И все эти доносы в конце концов восторжествовали. Но, прежде чем продолжать, отмечу, что ревизия, как я уже говорил, окончилась крайне неблагоприятно для Гуковского (Скажу кстати, что Якубов, обревизовав и мою отчетность и дела, составил особый акт, в котором было сказано, что все оказалось у меня в образцовом порядке—Автор.). Но особенно пострадал честный Якубов: пробыв в Ревеле около 3-4 недель и все время вращаясь в атмосфере мошеннических дел и уловок, он дошел до такого потрясения своей нервной системы, что это отразилось у него на его психике. Мне рассказывали, что вскоре по возвращении из Ревеля, окончив свой отчет, он начал страдать определенной манией — note 87он всех людей считал ворами и мошенниками… Не знаю прошло ли это у него… Упоминаю об этом, чтобы читатель мог судить, что такое была (увы, в советской практике она завоевала твердый позиции, в которых и окопалась)гуковщина….
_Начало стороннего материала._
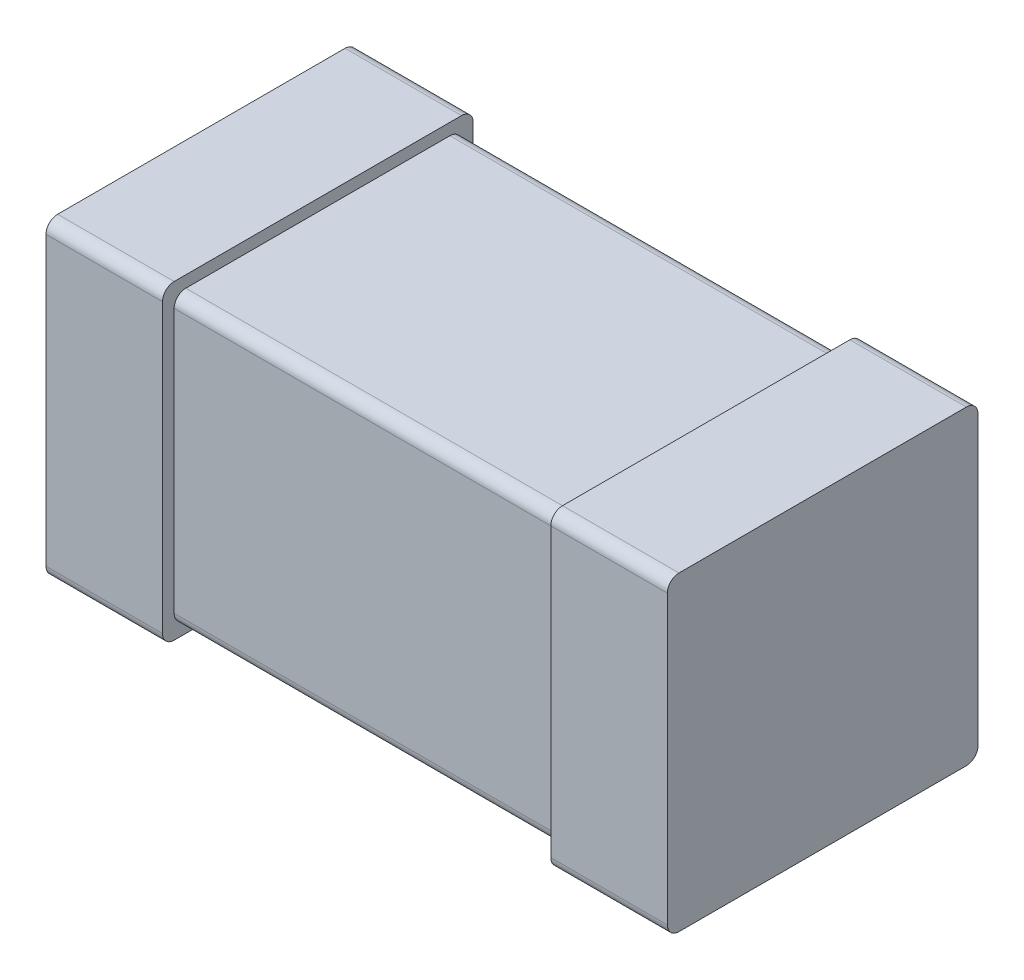
ISO-10303-21;
HEADER;
FILE_DESCRIPTION(('STEP AP214'),'2;1');
FILE_NAME('part.step','',(''),(''),'','','');
FILE_SCHEMA(('AUTOMOTIVE_DESIGN { 1 0 10303 214 1 1 1 1 }'));
ENDSEC;
DATA;
#1=APPLICATION_CONTEXT('core data for automotive mechanical design processes');
#2=APPLICATION_PROTOCOL_DEFINITION('international standard','automotive_design',2000,#1);
#3=PRODUCT_CONTEXT('',#1,'mechanical');
#4=PRODUCT('Part','Part','',(#3));
#5=PRODUCT_RELATED_PRODUCT_CATEGORY('part','',(#4));
#6=PRODUCT_DEFINITION_FORMATION('','',#4);
#7=PRODUCT_DEFINITION_CONTEXT('part definition',#1,'design');
#8=PRODUCT_DEFINITION('design','',#6,#7);
#9=PRODUCT_DEFINITION_SHAPE('','',#8);
#10=(LENGTH_UNIT() NAMED_UNIT(*) SI_UNIT(.MILLI.,.METRE.));
#11=(NAMED_UNIT(*) PLANE_ANGLE_UNIT() SI_UNIT($,.RADIAN.));
#12=(NAMED_UNIT(*) SI_UNIT($,.STERADIAN.) SOLID_ANGLE_UNIT());
#13=UNCERTAINTY_MEASURE_WITH_UNIT(LENGTH_MEASURE(1.E-05),#10,'distance_accuracy_value','');
#14=(GEOMETRIC_REPRESENTATION_CONTEXT(3) GLOBAL_UNCERTAINTY_ASSIGNED_CONTEXT((#13)) GLOBAL_UNIT_ASSIGNED_CONTEXT((#10,
#11,#12)) REPRESENTATION_CONTEXT('',''));
#15=CARTESIAN_POINT('',(0.,0.,0.));
#16=DIRECTION('',(0.,0.,1.));
#17=DIRECTION('',(1.,0.,0.));
#18=AXIS2_PLACEMENT_3D('',#15,#16,#17);
#19=CARTESIAN_POINT('',(0.8,-0.4,0.));
#20=DIRECTION('',(1.,0.,0.));
#21=DIRECTION('',(0.,1.,0.));
#22=AXIS2_PLACEMENT_3D('',#19,#20,#21);
#23=PLANE('',#22);
#24=DIRECTION('',(0.,0.,1.));
#25=VECTOR('',#24,1.);
#26=CARTESIAN_POINT('',(0.8,-0.4,0.));
#27=LINE('',#26,#25);
#28=CARTESIAN_POINT('',(0.8,-0.4,0.03));
#29=VERTEX_POINT('',#28);
#30=CARTESIAN_POINT('',(0.8,-0.4,0.77));
#31=VERTEX_POINT('',#30);
#32=EDGE_CURVE('E315',#29,#31,#27,.T.);
#33=ORIENTED_EDGE('',*,*,#32,.F.);
#34=CARTESIAN_POINT('',(0.8,-0.37,0.03));
#35=DIRECTION('',(1.,0.,0.));
#36=DIRECTION('',(0.,0.,1.));
#37=AXIS2_PLACEMENT_3D('',#34,#35,#36);
#38=CIRCLE('',#37,0.03);
#39=CARTESIAN_POINT('',(0.8,-0.37,0.));
#40=VERTEX_POINT('',#39);
#41=EDGE_CURVE('E314',#29,#40,#38,.T.);
#42=ORIENTED_EDGE('',*,*,#41,.T.);
#43=DIRECTION('',(0.,1.,0.));
#44=VECTOR('',#43,1.);
#45=CARTESIAN_POINT('',(0.8,-0.4,0.));
#46=LINE('',#45,#44);
#47=CARTESIAN_POINT('',(0.8,0.37,0.));
#48=VERTEX_POINT('',#47);
#49=EDGE_CURVE('E361',#40,#48,#46,.T.);
#50=ORIENTED_EDGE('',*,*,#49,.T.);
#51=CARTESIAN_POINT('',(0.8,0.37,0.03));
#52=DIRECTION('',(-1.,0.,0.));
#53=DIRECTION('',(0.,0.,1.));
#54=AXIS2_PLACEMENT_3D('',#51,#52,#53);
#55=CIRCLE('',#54,0.03);
#56=CARTESIAN_POINT('',(0.8,0.4,0.03));
#57=VERTEX_POINT('',#56);
#58=EDGE_CURVE('E250',#57,#48,#55,.T.);
#59=ORIENTED_EDGE('',*,*,#58,.F.);
#60=DIRECTION('',(0.,0.,1.));
#61=VECTOR('',#60,1.);
#62=CARTESIAN_POINT('',(0.8,0.4,0.));
#63=LINE('',#62,#61);
#64=CARTESIAN_POINT('',(0.8,0.4,0.77));
#65=VERTEX_POINT('',#64);
#66=EDGE_CURVE('E11',#57,#65,#63,.T.);
#67=ORIENTED_EDGE('',*,*,#66,.T.);
#68=CARTESIAN_POINT('',(0.8,0.37,0.77));
#69=DIRECTION('',(1.,0.,0.));
#70=DIRECTION('',(0.,0.,1.));
#71=AXIS2_PLACEMENT_3D('',#68,#69,#70);
#72=CIRCLE('',#71,0.03);
#73=CARTESIAN_POINT('',(0.8,0.37,0.8));
#74=VERTEX_POINT('',#73);
#75=EDGE_CURVE('E396',#65,#74,#72,.T.);
#76=ORIENTED_EDGE('',*,*,#75,.T.);
#77=DIRECTION('',(0.,1.,0.));
#78=VECTOR('',#77,1.);
#79=CARTESIAN_POINT('',(0.8,-0.4,0.8));
#80=LINE('',#79,#78);
#81=CARTESIAN_POINT('',(0.8,-0.37,0.8));
#82=VERTEX_POINT('',#81);
#83=EDGE_CURVE('E358',#82,#74,#80,.T.);
#84=ORIENTED_EDGE('',*,*,#83,.F.);
#85=CARTESIAN_POINT('',(0.8,-0.37,0.77));
#86=DIRECTION('',(-1.,0.,0.));
#87=DIRECTION('',(0.,0.,1.));
#88=AXIS2_PLACEMENT_3D('',#85,#86,#87);
#89=CIRCLE('',#88,0.03);
#90=EDGE_CURVE('E345',#31,#82,#89,.T.);
#91=ORIENTED_EDGE('',*,*,#90,.F.);
#92=EDGE_LOOP('',(#33,#42,#50,#59,#67,#76,#84,#91));
#93=FACE_BOUND('',#92,.T.);
#94=ADVANCED_FACE('F17',(#93),#23,.T.);
#95=CARTESIAN_POINT('',(0.5,0.4,0.));
#96=DIRECTION('',(0.,1.,0.));
#97=DIRECTION('',(1.,0.,0.));
#98=AXIS2_PLACEMENT_3D('',#95,#96,#97);
#99=PLANE('',#98);
#100=ORIENTED_EDGE('',*,*,#66,.F.);
#101=DIRECTION('',(1.,0.,0.));
#102=VECTOR('',#101,1.);
#103=CARTESIAN_POINT('',(0.5,0.4,0.03));
#104=LINE('',#103,#102);
#105=CARTESIAN_POINT('',(0.5,0.4,0.03));
#106=VERTEX_POINT('',#105);
#107=EDGE_CURVE('E357',#106,#57,#104,.T.);
#108=ORIENTED_EDGE('',*,*,#107,.F.);
#109=DIRECTION('',(0.,0.,1.));
#110=VECTOR('',#109,1.);
#111=CARTESIAN_POINT('',(0.5,0.4,0.));
#112=LINE('',#111,#110);
#113=CARTESIAN_POINT('',(0.5,0.4,0.77));
#114=VERTEX_POINT('',#113);
#115=EDGE_CURVE('E383',#106,#114,#112,.T.);
#116=ORIENTED_EDGE('',*,*,#115,.T.);
#117=DIRECTION('',(1.,0.,0.));
#118=VECTOR('',#117,1.);
#119=CARTESIAN_POINT('',(0.5,0.4,0.77));
#120=LINE('',#119,#118);
#121=EDGE_CURVE('E28',#114,#65,#120,.T.);
#122=ORIENTED_EDGE('',*,*,#121,.T.);
#123=EDGE_LOOP('',(#100,#108,#116,#122));
#124=FACE_BOUND('',#123,.T.);
#125=ADVANCED_FACE('F489',(#124),#99,.T.);
#126=CARTESIAN_POINT('',(0.5,0.37,0.77));
#127=DIRECTION('',(1.,0.,0.));
#128=DIRECTION('',(0.,1.,0.));
#129=AXIS2_PLACEMENT_3D('',#126,#127,#128);
#130=CYLINDRICAL_SURFACE('',#129,0.03);
#131=CARTESIAN_POINT('',(0.5,0.37,0.77));
#132=DIRECTION('',(1.,0.,0.));
#133=DIRECTION('',(0.,0.,1.));
#134=AXIS2_PLACEMENT_3D('',#131,#132,#133);
#135=CIRCLE('',#134,0.03);
#136=CARTESIAN_POINT('',(0.5,0.37,0.8));
#137=VERTEX_POINT('',#136);
#138=EDGE_CURVE('E307',#114,#137,#135,.T.);
#139=ORIENTED_EDGE('',*,*,#138,.T.);
#140=DIRECTION('',(1.,0.,0.));
#141=VECTOR('',#140,1.);
#142=CARTESIAN_POINT('',(0.5,0.37,0.8));
#143=LINE('',#142,#141);
#144=EDGE_CURVE('E353',#137,#74,#143,.T.);
#145=ORIENTED_EDGE('',*,*,#144,.T.);
#146=ORIENTED_EDGE('',*,*,#75,.F.);
#147=ORIENTED_EDGE('',*,*,#121,.F.);
#148=EDGE_LOOP('',(#139,#145,#146,#147));
#149=FACE_BOUND('',#148,.T.);
#150=ADVANCED_FACE('F492',(#149),#130,.T.);
#151=CARTESIAN_POINT('',(0.5,0.37,0.03));
#152=DIRECTION('',(1.,0.,0.));
#153=DIRECTION('',(0.,1.,0.));
#154=AXIS2_PLACEMENT_3D('',#151,#152,#153);
#155=CYLINDRICAL_SURFACE('',#154,0.03);
#156=ORIENTED_EDGE('',*,*,#107,.T.);
#157=ORIENTED_EDGE('',*,*,#58,.T.);
#158=DIRECTION('',(1.,0.,0.));
#159=VECTOR('',#158,1.);
#160=CARTESIAN_POINT('',(0.5,0.37,0.));
#161=LINE('',#160,#159);
#162=CARTESIAN_POINT('',(0.5,0.37,0.));
#163=VERTEX_POINT('',#162);
#164=EDGE_CURVE('E365',#163,#48,#161,.T.);
#165=ORIENTED_EDGE('',*,*,#164,.F.);
#166=CARTESIAN_POINT('',(0.5,0.37,0.03));
#167=DIRECTION('',(-1.,0.,0.));
#168=DIRECTION('',(0.,0.,1.));
#169=AXIS2_PLACEMENT_3D('',#166,#167,#168);
#170=CIRCLE('',#169,0.03);
#171=EDGE_CURVE('E378',#106,#163,#170,.T.);
#172=ORIENTED_EDGE('',*,*,#171,.F.);
#173=EDGE_LOOP('',(#156,#157,#165,#172));
#174=FACE_BOUND('',#173,.T.);
#175=ADVANCED_FACE('F477',(#174),#155,.T.);
#176=CARTESIAN_POINT('',(0.5,-0.4,0.8));
#177=DIRECTION('',(0.,0.,1.));
#178=DIRECTION('',(1.,0.,0.));
#179=AXIS2_PLACEMENT_3D('',#176,#177,#178);
#180=PLANE('',#179);
#181=DIRECTION('',(0.,1.,0.));
#182=VECTOR('',#181,1.);
#183=CARTESIAN_POINT('',(0.5,-0.4,0.8));
#184=LINE('',#183,#182);
#185=CARTESIAN_POINT('',(0.5,-0.37,0.8));
#186=VERTEX_POINT('',#185);
#187=EDGE_CURVE('E304',#186,#137,#184,.T.);
#188=ORIENTED_EDGE('',*,*,#187,.F.);
#189=DIRECTION('',(1.,0.,0.));
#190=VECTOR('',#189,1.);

Я полагаю, что читателю уже стало ясно, какие невозможные отношения создались между Гуковским и мною, а также между моими сотрудниками и его. Все разделились на два резко враждебных лагеря. И, конечно, в таком в сущности маленьком провинциальном городе, как "столичный город" Ревель, все, творившееся в "Петербургской Гостинице", было притчей во языцех у всех сколько-нибудь тяготевших к нашим делам. Нечего и говорить что я принимал все меры к тому, чтобы, так сказать, локализировать этот перманентный пожар и не давать пламени его вырываться "изизбы".
Но мне это плохо удавалось, ибо молодцы Гуковского, видевшие в раздувании этого пожара и в вынесении горящих головешек его наружу, какое то специфическое удовлетворение, трепали языками направо и налево, ища сочувствия среди своих "друзей - поставщиков", частью изгнанных мною, частью взятых мною, так сказать, в шоры, разжигая и в них недовольство мною и сожаление о добрых старых временах, когда решающим моментом была взятка. С другой стороны и наиболее ярые из моих сотрудников, как, например, неуравновешенный и неумный Седельников, тоже кричали налево и направо о подвигах Гуковского и его молодцов, стараясь склонить общественное мнение в мою пользу. Да и сам Гуковский жаловался и клеветал всем и каждому, несмотря на все мои просьбы к нему не выносить нашего домашнего сора из избы. Он отвечал мне драматическим тоном «благородного отца»:
note 88— Я не боюсь правды… я говорю только чистую правду… пусть все ее знают!…
Приезд ревизионной комиссии с Якубовым во главе лишь увеличили это волнение и сумятицу, а следовательно и толки… Мои сотрудники, рядом со мной боровшиеся с "гуковщиной", видя, что положенные мною в основание моей политики принципы получили одобрение ревизоров Рабоче-Крестьянской Инспекции, не могли скрывать своего торжества и, если хотите, даже известного злорадства. И разделение и вражда становились все резче и резче и доходили до горячих словесных дуэлей, особенно разжигаемых честным, но совершенно ненормальным Седельниковым, группировавшим около себя моих сотрудников и старавшимся обратить на путь истинный и молодцов Гуковского, ведя среди них агитацию в мою пользу… Никакие мои просьбы умерить свой пыл на него не действовали.